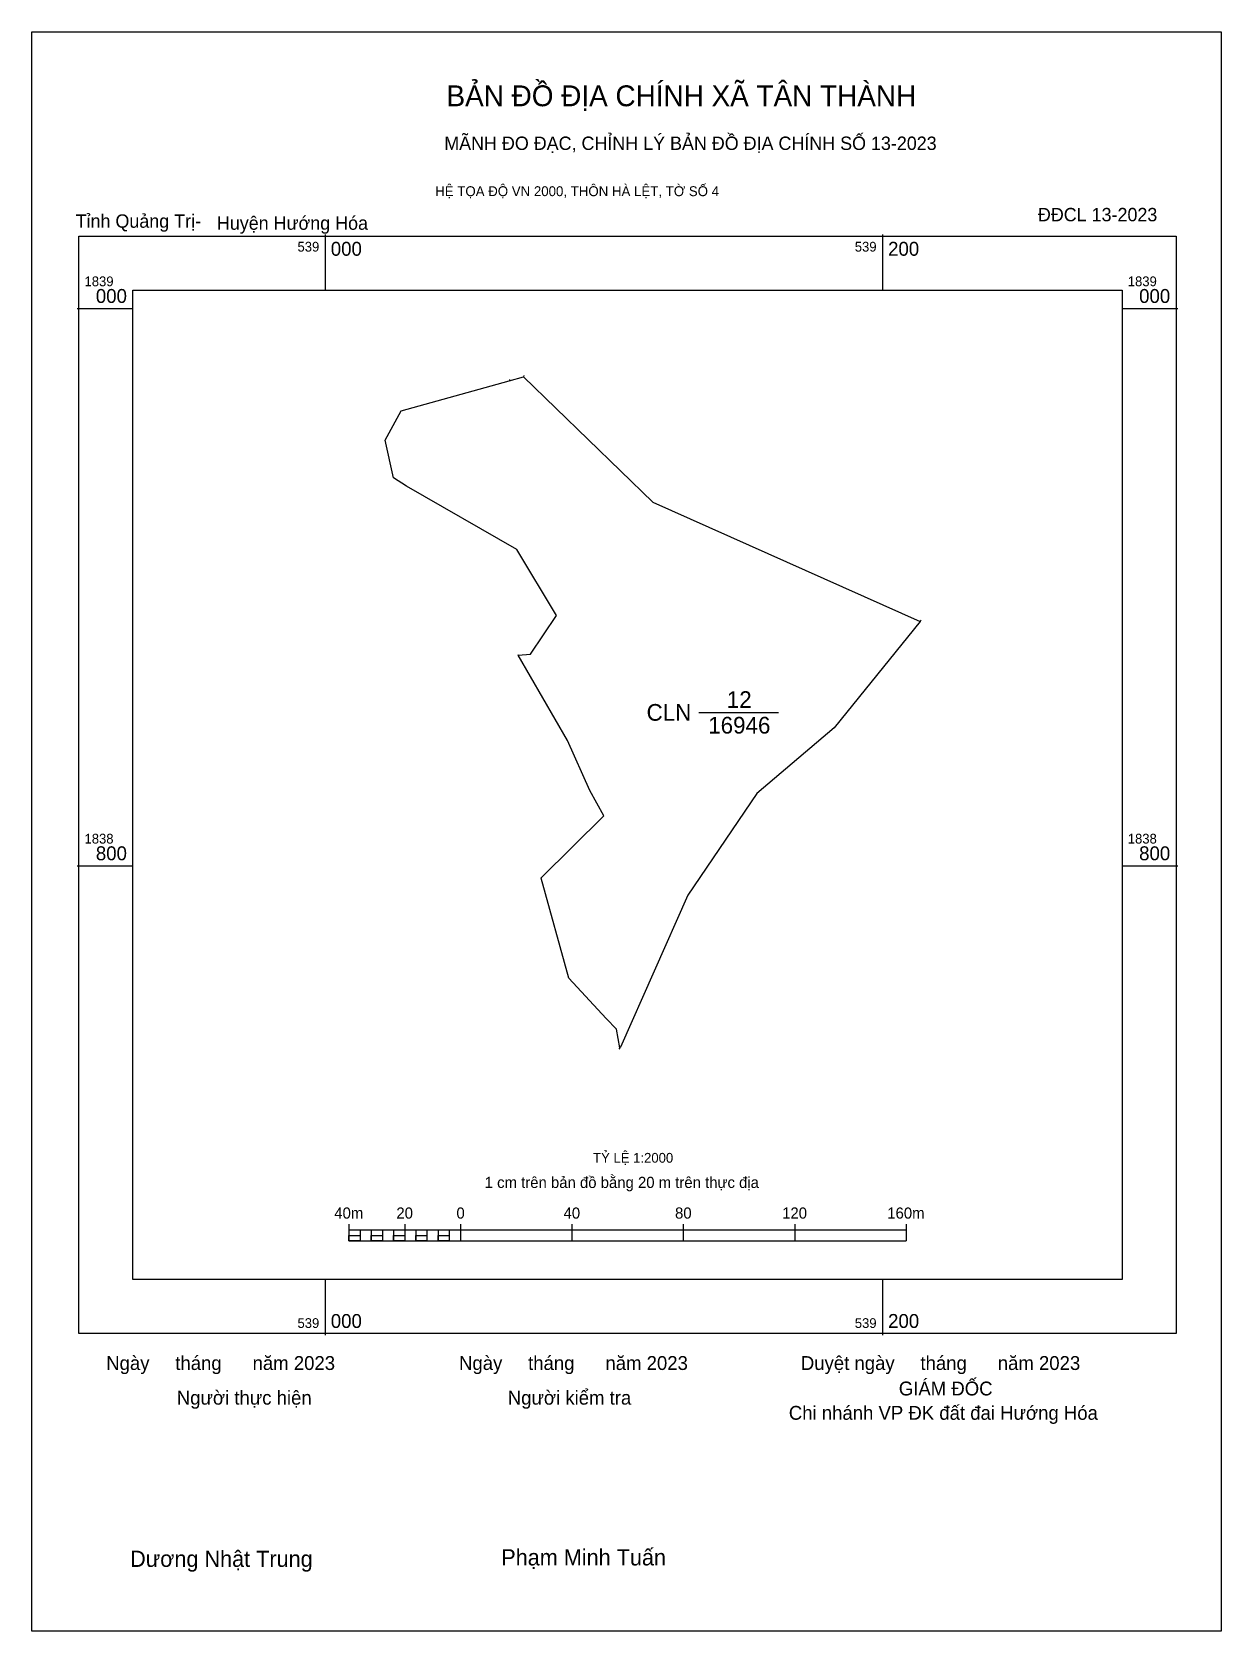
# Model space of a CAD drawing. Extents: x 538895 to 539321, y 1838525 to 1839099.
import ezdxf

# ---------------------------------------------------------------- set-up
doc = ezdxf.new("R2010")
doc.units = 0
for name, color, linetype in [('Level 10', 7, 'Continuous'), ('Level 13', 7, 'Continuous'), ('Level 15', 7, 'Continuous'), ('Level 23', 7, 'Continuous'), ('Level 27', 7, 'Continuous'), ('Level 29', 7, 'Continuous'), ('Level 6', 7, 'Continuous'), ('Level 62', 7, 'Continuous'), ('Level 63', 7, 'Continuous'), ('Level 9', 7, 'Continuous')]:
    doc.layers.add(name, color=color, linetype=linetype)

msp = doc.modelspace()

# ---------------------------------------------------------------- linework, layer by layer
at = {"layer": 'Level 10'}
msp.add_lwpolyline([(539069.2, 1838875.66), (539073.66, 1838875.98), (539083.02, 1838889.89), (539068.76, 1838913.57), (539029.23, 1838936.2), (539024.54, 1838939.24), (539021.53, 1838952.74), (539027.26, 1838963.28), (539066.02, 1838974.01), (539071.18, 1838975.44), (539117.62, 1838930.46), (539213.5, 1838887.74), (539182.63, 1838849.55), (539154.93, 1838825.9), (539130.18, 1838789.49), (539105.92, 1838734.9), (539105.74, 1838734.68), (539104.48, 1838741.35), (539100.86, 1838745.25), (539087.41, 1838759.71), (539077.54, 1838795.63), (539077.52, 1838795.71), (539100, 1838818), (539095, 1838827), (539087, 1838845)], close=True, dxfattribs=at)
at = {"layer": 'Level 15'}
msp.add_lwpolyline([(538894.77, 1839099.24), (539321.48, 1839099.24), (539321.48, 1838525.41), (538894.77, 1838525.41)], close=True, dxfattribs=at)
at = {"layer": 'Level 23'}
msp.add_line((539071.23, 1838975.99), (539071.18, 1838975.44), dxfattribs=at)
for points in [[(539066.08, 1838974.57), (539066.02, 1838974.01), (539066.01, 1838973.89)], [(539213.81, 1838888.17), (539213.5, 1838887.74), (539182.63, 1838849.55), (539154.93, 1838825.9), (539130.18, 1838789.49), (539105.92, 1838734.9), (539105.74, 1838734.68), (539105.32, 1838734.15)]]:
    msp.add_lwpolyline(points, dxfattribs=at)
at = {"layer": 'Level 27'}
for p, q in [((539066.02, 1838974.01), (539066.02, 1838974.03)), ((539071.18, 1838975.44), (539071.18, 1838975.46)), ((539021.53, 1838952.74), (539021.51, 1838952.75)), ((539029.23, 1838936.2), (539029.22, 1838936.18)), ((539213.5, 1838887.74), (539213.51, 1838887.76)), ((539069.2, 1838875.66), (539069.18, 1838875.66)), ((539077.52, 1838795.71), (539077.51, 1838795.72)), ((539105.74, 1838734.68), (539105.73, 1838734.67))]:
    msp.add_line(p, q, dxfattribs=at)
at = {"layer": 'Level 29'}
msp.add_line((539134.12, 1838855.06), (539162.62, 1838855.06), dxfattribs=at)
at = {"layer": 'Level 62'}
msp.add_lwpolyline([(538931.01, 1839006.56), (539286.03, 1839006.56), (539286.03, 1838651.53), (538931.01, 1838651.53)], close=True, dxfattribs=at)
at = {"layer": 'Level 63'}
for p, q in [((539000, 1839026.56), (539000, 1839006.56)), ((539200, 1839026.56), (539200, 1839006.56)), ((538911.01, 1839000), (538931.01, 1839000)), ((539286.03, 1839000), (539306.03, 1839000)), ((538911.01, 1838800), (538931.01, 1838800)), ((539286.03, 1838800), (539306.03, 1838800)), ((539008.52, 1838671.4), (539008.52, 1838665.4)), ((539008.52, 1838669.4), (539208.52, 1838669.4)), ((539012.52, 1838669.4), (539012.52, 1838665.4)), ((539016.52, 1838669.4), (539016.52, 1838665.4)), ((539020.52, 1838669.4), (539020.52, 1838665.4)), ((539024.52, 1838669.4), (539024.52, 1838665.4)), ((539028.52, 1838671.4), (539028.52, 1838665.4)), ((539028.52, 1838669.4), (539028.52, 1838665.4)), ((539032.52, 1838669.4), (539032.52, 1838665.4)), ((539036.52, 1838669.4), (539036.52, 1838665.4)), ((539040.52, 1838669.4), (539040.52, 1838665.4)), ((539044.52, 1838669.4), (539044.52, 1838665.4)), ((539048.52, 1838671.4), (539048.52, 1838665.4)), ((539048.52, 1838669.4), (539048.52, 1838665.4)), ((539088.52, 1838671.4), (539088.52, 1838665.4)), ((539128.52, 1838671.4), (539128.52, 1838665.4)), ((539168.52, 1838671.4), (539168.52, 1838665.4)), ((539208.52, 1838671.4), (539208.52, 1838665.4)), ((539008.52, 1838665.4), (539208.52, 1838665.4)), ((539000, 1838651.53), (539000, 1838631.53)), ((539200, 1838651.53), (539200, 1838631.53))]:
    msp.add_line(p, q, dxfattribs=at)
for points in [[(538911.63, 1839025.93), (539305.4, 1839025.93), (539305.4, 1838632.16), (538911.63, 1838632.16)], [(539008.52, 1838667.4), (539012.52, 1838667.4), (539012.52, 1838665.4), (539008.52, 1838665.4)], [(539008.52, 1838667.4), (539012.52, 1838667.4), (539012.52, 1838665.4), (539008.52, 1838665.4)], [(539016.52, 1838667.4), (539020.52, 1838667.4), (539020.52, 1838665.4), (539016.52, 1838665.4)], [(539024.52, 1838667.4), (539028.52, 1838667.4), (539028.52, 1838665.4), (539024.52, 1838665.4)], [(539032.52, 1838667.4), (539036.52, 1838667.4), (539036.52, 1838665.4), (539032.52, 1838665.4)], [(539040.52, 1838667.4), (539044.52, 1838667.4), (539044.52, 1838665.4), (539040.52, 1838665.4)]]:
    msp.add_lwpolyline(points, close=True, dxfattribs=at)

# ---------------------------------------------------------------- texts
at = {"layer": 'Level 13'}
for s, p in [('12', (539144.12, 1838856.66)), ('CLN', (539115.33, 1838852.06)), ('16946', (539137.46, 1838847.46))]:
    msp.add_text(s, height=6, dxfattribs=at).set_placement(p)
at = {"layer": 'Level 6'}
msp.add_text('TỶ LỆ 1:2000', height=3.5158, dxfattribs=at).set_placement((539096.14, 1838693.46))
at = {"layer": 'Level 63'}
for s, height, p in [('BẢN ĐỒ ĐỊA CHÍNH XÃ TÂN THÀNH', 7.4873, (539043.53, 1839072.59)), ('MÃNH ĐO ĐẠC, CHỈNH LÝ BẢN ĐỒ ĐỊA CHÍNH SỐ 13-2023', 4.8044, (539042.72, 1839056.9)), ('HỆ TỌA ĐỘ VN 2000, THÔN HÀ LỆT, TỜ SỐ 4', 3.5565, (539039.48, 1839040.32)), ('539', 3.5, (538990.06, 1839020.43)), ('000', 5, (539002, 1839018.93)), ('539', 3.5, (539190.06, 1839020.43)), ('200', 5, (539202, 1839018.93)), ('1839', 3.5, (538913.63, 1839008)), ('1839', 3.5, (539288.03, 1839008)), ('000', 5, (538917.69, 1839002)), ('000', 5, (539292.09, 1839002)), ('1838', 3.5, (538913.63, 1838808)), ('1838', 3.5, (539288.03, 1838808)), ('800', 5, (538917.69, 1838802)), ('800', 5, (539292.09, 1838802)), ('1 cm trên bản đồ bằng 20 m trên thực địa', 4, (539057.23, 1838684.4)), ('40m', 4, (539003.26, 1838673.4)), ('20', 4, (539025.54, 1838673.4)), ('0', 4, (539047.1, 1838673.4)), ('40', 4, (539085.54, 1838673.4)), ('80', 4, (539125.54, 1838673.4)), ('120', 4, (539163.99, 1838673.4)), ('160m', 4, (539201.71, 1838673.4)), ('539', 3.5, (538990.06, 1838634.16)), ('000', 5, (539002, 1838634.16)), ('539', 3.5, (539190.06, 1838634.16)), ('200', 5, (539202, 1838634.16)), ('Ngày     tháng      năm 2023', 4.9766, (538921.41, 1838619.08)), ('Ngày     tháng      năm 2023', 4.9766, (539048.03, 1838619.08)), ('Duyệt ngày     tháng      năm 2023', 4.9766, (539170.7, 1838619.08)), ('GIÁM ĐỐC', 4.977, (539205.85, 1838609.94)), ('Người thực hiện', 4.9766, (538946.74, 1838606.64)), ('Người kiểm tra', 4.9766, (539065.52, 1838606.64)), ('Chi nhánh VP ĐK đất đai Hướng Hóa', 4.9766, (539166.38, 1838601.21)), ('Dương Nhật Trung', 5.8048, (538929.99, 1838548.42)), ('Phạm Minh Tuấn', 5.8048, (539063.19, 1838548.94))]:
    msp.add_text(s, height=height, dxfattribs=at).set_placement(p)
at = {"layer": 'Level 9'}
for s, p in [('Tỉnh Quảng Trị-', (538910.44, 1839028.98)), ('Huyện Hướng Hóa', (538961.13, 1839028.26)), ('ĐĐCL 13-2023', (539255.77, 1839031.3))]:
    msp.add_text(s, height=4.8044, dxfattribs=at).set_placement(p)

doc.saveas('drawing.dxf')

__________

What you have to do: Go through the entries and report every line with the string "drawing".

Solution to this problem:
# Model space of a CAD drawing. Extents: x 538895 to 539321, y 1838525 to 1839099.
doc.saveas('drawing.dxf')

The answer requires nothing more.